Dataset records START

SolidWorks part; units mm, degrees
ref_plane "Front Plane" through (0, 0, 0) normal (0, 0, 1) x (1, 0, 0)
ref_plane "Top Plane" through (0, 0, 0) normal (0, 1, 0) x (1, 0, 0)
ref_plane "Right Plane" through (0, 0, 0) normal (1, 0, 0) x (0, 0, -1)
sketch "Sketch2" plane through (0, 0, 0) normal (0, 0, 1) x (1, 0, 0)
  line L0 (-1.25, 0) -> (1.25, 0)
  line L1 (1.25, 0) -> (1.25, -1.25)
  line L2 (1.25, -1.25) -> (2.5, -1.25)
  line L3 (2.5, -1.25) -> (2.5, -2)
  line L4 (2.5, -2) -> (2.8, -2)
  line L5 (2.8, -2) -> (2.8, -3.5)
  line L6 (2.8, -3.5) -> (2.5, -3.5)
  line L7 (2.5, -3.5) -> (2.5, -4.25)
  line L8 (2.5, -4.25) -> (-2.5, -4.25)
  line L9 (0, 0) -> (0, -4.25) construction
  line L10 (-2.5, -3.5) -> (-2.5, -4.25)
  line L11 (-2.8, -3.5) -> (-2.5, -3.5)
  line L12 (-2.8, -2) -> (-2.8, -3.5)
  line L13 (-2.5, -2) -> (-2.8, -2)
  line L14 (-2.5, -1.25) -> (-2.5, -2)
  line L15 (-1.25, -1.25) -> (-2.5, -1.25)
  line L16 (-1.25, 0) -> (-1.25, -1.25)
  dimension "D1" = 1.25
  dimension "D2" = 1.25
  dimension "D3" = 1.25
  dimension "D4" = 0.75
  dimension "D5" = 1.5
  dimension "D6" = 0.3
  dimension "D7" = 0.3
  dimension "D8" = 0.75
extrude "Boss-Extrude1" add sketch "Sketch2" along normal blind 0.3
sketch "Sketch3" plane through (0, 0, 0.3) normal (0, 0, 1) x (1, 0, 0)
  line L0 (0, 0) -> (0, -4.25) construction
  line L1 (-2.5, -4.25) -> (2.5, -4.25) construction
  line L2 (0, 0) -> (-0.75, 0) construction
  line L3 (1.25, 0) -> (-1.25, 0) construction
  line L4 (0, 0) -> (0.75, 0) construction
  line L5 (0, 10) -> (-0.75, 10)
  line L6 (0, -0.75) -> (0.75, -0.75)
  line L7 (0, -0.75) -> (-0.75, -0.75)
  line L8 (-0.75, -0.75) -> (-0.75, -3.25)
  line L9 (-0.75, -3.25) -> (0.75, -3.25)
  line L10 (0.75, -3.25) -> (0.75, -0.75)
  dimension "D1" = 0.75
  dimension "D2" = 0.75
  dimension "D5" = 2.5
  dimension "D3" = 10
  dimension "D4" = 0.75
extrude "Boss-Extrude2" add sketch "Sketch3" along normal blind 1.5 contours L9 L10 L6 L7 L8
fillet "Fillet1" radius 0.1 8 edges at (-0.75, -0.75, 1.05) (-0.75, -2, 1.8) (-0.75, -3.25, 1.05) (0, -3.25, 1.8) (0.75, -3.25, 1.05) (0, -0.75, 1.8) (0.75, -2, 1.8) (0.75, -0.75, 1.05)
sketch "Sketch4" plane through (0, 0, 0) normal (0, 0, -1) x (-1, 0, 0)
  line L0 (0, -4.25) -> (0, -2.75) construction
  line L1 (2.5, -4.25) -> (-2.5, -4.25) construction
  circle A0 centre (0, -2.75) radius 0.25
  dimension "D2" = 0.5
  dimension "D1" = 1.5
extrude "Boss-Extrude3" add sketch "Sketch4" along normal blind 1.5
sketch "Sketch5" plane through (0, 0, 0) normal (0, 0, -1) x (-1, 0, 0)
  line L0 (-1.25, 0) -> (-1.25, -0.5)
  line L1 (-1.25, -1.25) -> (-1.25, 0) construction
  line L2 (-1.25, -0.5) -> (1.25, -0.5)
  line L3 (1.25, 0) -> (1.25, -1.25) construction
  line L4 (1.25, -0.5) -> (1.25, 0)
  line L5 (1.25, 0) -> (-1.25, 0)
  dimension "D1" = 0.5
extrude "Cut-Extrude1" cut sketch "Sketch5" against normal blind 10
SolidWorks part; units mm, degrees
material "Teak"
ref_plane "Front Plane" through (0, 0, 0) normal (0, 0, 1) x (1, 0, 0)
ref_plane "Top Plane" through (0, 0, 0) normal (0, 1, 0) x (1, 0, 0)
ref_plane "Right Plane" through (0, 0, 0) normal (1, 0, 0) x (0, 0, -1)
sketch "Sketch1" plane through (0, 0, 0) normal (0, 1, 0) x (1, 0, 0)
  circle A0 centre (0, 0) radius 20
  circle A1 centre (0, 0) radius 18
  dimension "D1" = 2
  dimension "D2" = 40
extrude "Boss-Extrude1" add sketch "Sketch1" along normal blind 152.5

Dataset records END

● **Task objective**: Repeat the records above line by line, from the first line through the line that contains "line L5 (2.8, -2) -> (2.8, -3.5)".

● **Response to this exercise**:
SolidWorks part; units mm, degrees
ref_plane "Front Plane" through (0, 0, 0) normal (0, 0, 1) x (1, 0, 0)
ref_plane "Top Plane" through (0, 0, 0) normal (0, 1, 0) x (1, 0, 0)
ref_plane "Right Plane" through (0, 0, 0) normal (1, 0, 0) x (0, 0, -1)
sketch "Sketch2" plane through (0, 0, 0) normal (0, 0, 1) x (1, 0, 0)
  line L0 (-1.25, 0) -> (1.25, 0)
  line L1 (1.25, 0) -> (1.25, -1.25)
  line L2 (1.25, -1.25) -> (2.5, -1.25)
  line L3 (2.5, -1.25) -> (2.5, -2)
  line L4 (2.5, -2) -> (2.8, -2)
  line L5 (2.8, -2) -> (2.8, -3.5)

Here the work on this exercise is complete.